Task brief.
Return each line below holding the string "linetypes".
#### Data to examine ####
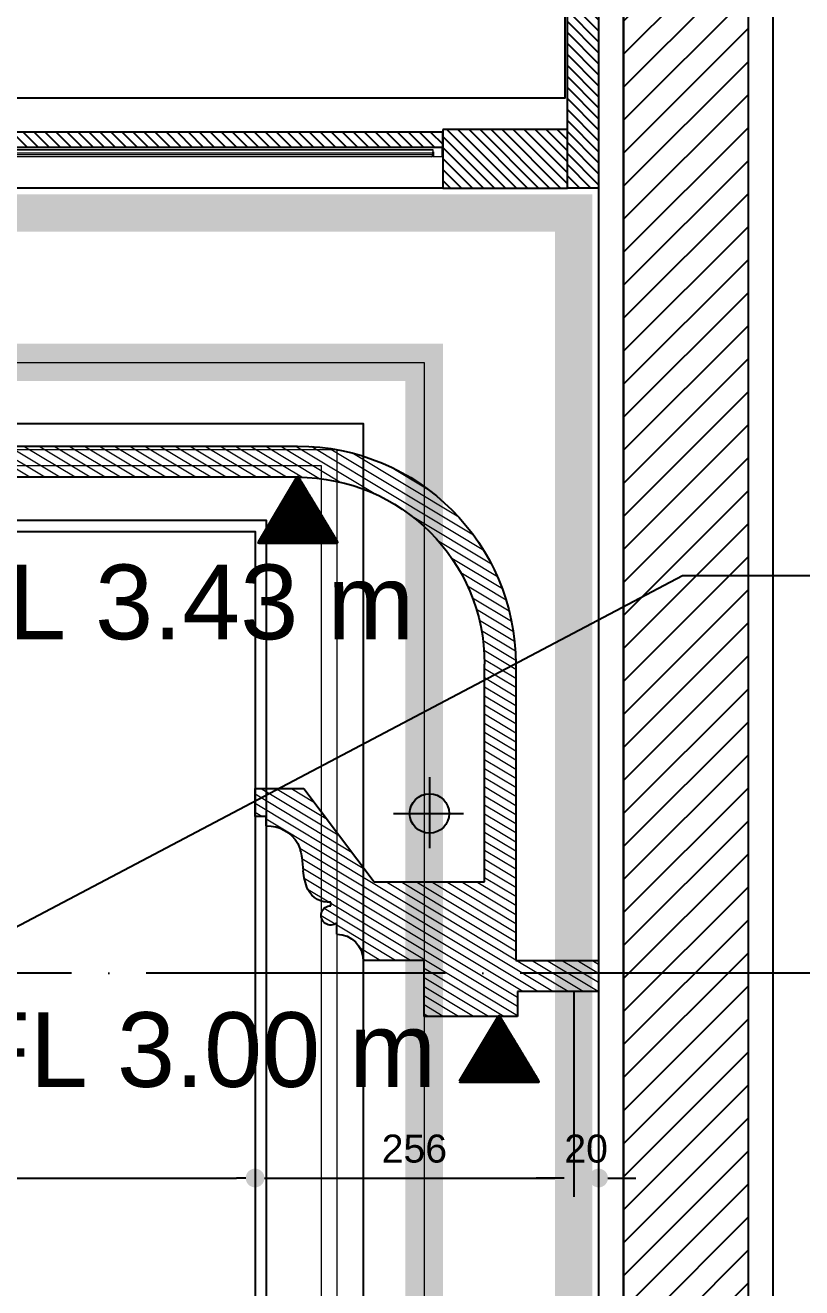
# Model space of a CAD drawing. Header units: inches. Extents: x 230831 to 416194, y 441295 to 526666.
# Drawn here: x 242364 to 242988, y 461914 to 462928 of the extents above; entities that cross this region are included whole.
import ezdxf

# ---------------------------------------------------------------- set-up
doc = ezdxf.new("R2010")
doc.units = ezdxf.units.IN
doc.header["$MEASUREMENT"] = 0
doc.linetypes.add('ACAD_ISO04W100', pattern=[30, 24, -3, 0, -3])
doc.linetypes.add('HIDDEN', pattern=[0.375, 0.25, -0.125])
for name, color, linetype, lineweight in [('1', 1, 'Continuous', 50), ('CQ gypsum 2', 42, 'Continuous', 0), ('CQ Gypsum Hatch', 8, 'Continuous', 20), ('CQ lighting plan', 7, 'Continuous', 0), ('CQ Wood', 30, 'Continuous', 0), ('Glass', 4, 'Continuous', 0), ('Marble', 6, 'Continuous', 0)]:
    doc.layers.add(name, color=color, linetype=linetype, lineweight=lineweight)
for name, color, linetype in [('A-DIMESNION-1', 7, 'Continuous'), ('CQ Grg Gypsum', 41, 'Continuous'), ('CQ Light Elevation', 4, 'Continuous'), ('CQ Plaster', 1, 'Continuous'), ('CQ SPOT DETAIL DIMENSION', 9, 'Continuous'), ('CQ text label', 3, 'Continuous'), ('CQ Wall plan', 3, 'Continuous'), ('CQ_callout', 34, 'Continuous'), ('DIM', 251, 'Continuous'), ('Layer1', 1, 'Continuous'), ('Layer4', 4, 'Continuous'), ('LIGHT', 130, 'Continuous'), ('WOOD', 23, 'Continuous'), ('xref grd floor$2$CQ Wall hatch_CHB', 8, 'Continuous')]:
    doc.layers.add(name, color=color, linetype=linetype)
doc.styles.get("Standard").update_dxf_attribs({"font": 'arial.ttf'})
doc.dimstyles.new('chester 15', dxfattribs={"dimscale": 0.15, "dimtxt": 150, "dimasz": 100, "dimexe": 100, "dimexo": 0, "dimgap": 80, "dimtad": 1, "dimdec": 0, "dimzin": 0, "dimdsep": 46, "dimtxsty": 'Standard', "dimblk": 'DOT', "dimcen": 100, "dimclrd": 1, "dimclre": 1, "dimclrt": 3, "dimadec": 0, "dimazin": 0, "dimtfac": 1, "dimtdec": 0, "dimtofl": 0, "dimtmove": 0, "dimatfit": 3, "dimfxl": 1, "dimtolj": 1, "dimtzin": 0, "dimlwd": -1, "dimarcsym": 0})
doc.dimstyles.new('chester 25', dxfattribs={"dimscale": 0.25, "dimtxt": 150, "dimasz": 100, "dimexe": 10, "dimexo": 20, "dimgap": 80, "dimtad": 1, "dimdec": 0, "dimzin": 0, "dimdsep": 46, "dimtxsty": 'Standard', "dimblk": 'DOT', "dimcen": 50, "dimclrd": 1, "dimclre": 1, "dimclrt": 3, "dimadec": 0, "dimazin": 0, "dimtfac": 1, "dimtdec": 0, "dimtofl": 0, "dimtmove": 0, "dimatfit": 3, "dimfxl": 1, "dimtolj": 1, "dimtzin": 0, "dimlwd": -1, "dimarcsym": 0})
doc.dimstyles.get("Standard").update_dxf_attribs({"dimtxt": 0.18, "dimasz": 0.18, "dimexe": 0.18, "dimexo": 0.0625, "dimgap": 0.09, "dimtad": 0, "dimtih": 1, "dimtoh": 1, "dimdec": 4, "dimzin": 0, "dimdsep": 46, "dimtxsty": 'Standard', "dimcen": 0.09, "dimadec": 0, "dimazin": 0, "dimtfac": 1, "dimtdec": 4, "dimtofl": 0, "dimtmove": 0, "dimatfit": 3, "dimfxl": 1, "dimtolj": 1, "dimtzin": 0, "dimarcsym": 0})

# ---------------------------------------------------------------- blocks, each defined once
blk = doc.blocks.new('gf-19 wall plan')
at = {"layer": 'xref grd floor$2$CQ Wall hatch_CHB'}
h = blk.add_hatch(dxfattribs=at)
h.set_pattern_fill('ANSI31,_O', color=8, scale=149.9999999999999)
h.set_pattern_definition([(45, (0, 0), (-13.25825214724776, 13.25825214724776), [])])
h.paths.add_polyline_path([(237464.9180727652, 463488.501008369), (235114.9180727651, 463488.5010083689), (235114.9219603917, 463665.8451543157), (235014.9238323605, 463665.8451543157), (235014.9174435659, 462706.5007693742), (235114.9180727652, 462706.5007693742), (235114.9180727651, 462725.6144694869), (235114.9180727653, 462864.5010083712), (236064.9180727649, 462864.5010083711), (236064.9180727649, 463288.5010083689), (237364.9180727651, 463288.5010083689), (237364.9180727652, 460788.501008369), (236064.9104582512, 460788.5010083689), (236064.8986268335, 461598.5005303614), (235114.9180727619, 461598.5005303614), (235114.9180727637, 461756.5007693741), (235014.918072765, 461756.500769374), (235014.9180727651, 460788.501008369), (234834.5341872139, 460788.501008369), (234834.5341872139, 460588.5035785317), (237264.9180727651, 460588.5010083689), (237264.9180727651, 460488.5010083687), (237464.9180727651, 460488.5010083687)])
h.paths.add_polyline_path([(235964.9180727648, 462964.5010083709), (235114.9180727651, 462964.5010083717), (235114.918072765, 463388.501008369), (235964.918072765, 463388.501008369)], flags=16)
h.paths.add_polyline_path([(235964.9104582527, 461498.5005303615), (235964.9104582497, 460788.5010083687), (235114.9180727678, 460788.5010083689), (235114.9180727681, 461498.5005303614)], flags=16)
at = {"layer": 'CQ Plaster'}
for points, elevation in [([(237484.9180727651, 460488.5010083687), (237484.9180727652, 463508.501008369), (235134.9185111973, 463508.5010083689), (235134.9219603869, 463665.8447158883)], 0.0002963762906981438), ([(235134.9180727652, 462706.5007693742), (235134.9180727653, 462844.5010083712), (236084.9180727632, 462844.5010083711), (236084.9180727633, 463268.501008369), (237344.9180727651, 463268.5010083689), (237344.9180727652, 460808.501008369), (236084.9180727633, 460808.501008369), (236084.9180727634, 461618.5005303721), (235134.9180727619, 461618.5005303722), (235134.9180727619, 461756.5007693743)], 0.0003526290422994029)]:
    blk.add_lwpolyline(points, dxfattribs=dict(at, elevation=elevation))
at = {"layer": 'CQ Wall plan', "extrusion": (2.772420434295382e-08, -3.397086406510971e-09, 0.9999999999999997)}
for p, q in [((237464.9180727652, 463488.501008369, 0.0003065675499176779), (237464.9180727651, 460488.5010083687, 0.0002963762906981438)), ((237464.9180727652, 463488.501008369, 0.0003065675499176779), (237464.9180727651, 460488.5010083687, 0.0002963762906981438)), ((237464.9180727652, 463488.501008369, 0.0003065675499176779), (237464.9180727651, 460488.5010083687, 0.0002963762906981438)), ((237364.9180727651, 463288.5010083689, 0.000308807204904278), (237364.9180727652, 460788.501008369, 0.0003003144888879993)), ((237364.9180727651, 463288.5010083689, 0.000308807204904278), (237364.9180727652, 460788.501008369, 0.0003003144888879993))]:
    blk.add_line(p, q, dxfattribs=at)
at = {"layer": 'CQ Wall plan', "extrusion": (2.772420434295382e-08, -3.397086406510971e-09, 0.9999999999999997), "elevation": 0.005315582976500136}
blk.add_lwpolyline([(235114.9180727681, 461598.5005303614), (236064.9104582512, 461598.5005303615), (236064.9104582511, 460788.5010083688), (237364.9180727652, 460788.5010083688), (237364.918072765, 463288.5010083689)], dxfattribs=at)
blk = doc.blocks.new('_Dot')
at = {"color": 0, "linetype": 'ByBlock', "lineweight": -2}
blk.add_line((-0.5, 0), (-1, 0), dxfattribs=at)
at = {"color": 0, "linetype": 'ByBlock', "const_width": 0.5}
blk.add_lwpolyline([(-0.25, 0, 1), (0.25, 0, 1)], format="xyb", close=True, dxfattribs=at)
blk = doc.blocks.new('*D179')
at = {"layer": 'A-DIMESNION-1', "color": 1, "lineweight": -2, "ltscale": 0.05, "transparency": 16777216}
for p, q in [((242849.503748455, 463288.5010083689), (243345.8427914937, 463288.5010083689)), ((242849.5037484551, 460788.501008369), (243345.8427914937, 460788.501008369))]:
    blk.add_line(p, q, dxfattribs=at)
at = {"layer": 'A-DIMESNION-1', "color": 1, "ltscale": 0.05, "transparency": 16777216}
blk.add_line((243343.3427914937, 463263.5010083689), (243343.3427914937, 460813.501008369), dxfattribs=at)
at = {"layer": 'Defpoints', "color": 0, "linetype": 'Continuous', "ltscale": 0.05, "transparency": 16777216}
for p in [(242844.503748455, 463288.5010083689, 0.000308660553070675), (242844.5037484551, 460788.501008369, 0.0003003144888879993), (243343.3427914937, 460788.501008369)]:
    blk.add_point(p, dxfattribs=at)
at = {"layer": 'A-DIMESNION-1', "color": 1, "linetype": 'Continuous', "ltscale": 0.05, "transparency": 16777216, "xscale": 25, "yscale": 25, "zscale": 25}
for p, rotation in [((243343.3427914937, 463288.5010083689), 90), ((243343.3427914937, 460788.501008369), 270)]:
    blk.add_blockref('_Dot', p, dxfattribs=dict(at, rotation=rotation))
at = {"layer": 'A-DIMESNION-1', "color": 3, "linetype": 'Continuous', "ltscale": 0.05, "transparency": 16777216, "insert": (243304.1963044541, 462038.501008369), "char_height": 37.5, "attachment_point": 5, "rotation": 90}
blk.add_mtext('\\A1;2500', dxfattribs=at)
blk = doc.blocks.new('SECTION LINE CLOAK ROOM')
at = {"layer": 'Layer1', "linetype": 'ACAD_ISO04W100', "ltscale": 10}
blk.add_lwpolyline([(241287.0574479033, 463599.2448105894), (237331.7031791268, 463599.2448105894), (237331.7031791268, 463599.2448105894)], dxfattribs=at)
blk = doc.blocks.new('indirect light plan')
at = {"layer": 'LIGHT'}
####
Written solution.
doc.linetypes.add('ACAD_ISO04W100', pattern=[30, 24, -3, 0, -3])
doc.linetypes.add('HIDDEN', pattern=[0.375, 0.25, -0.125])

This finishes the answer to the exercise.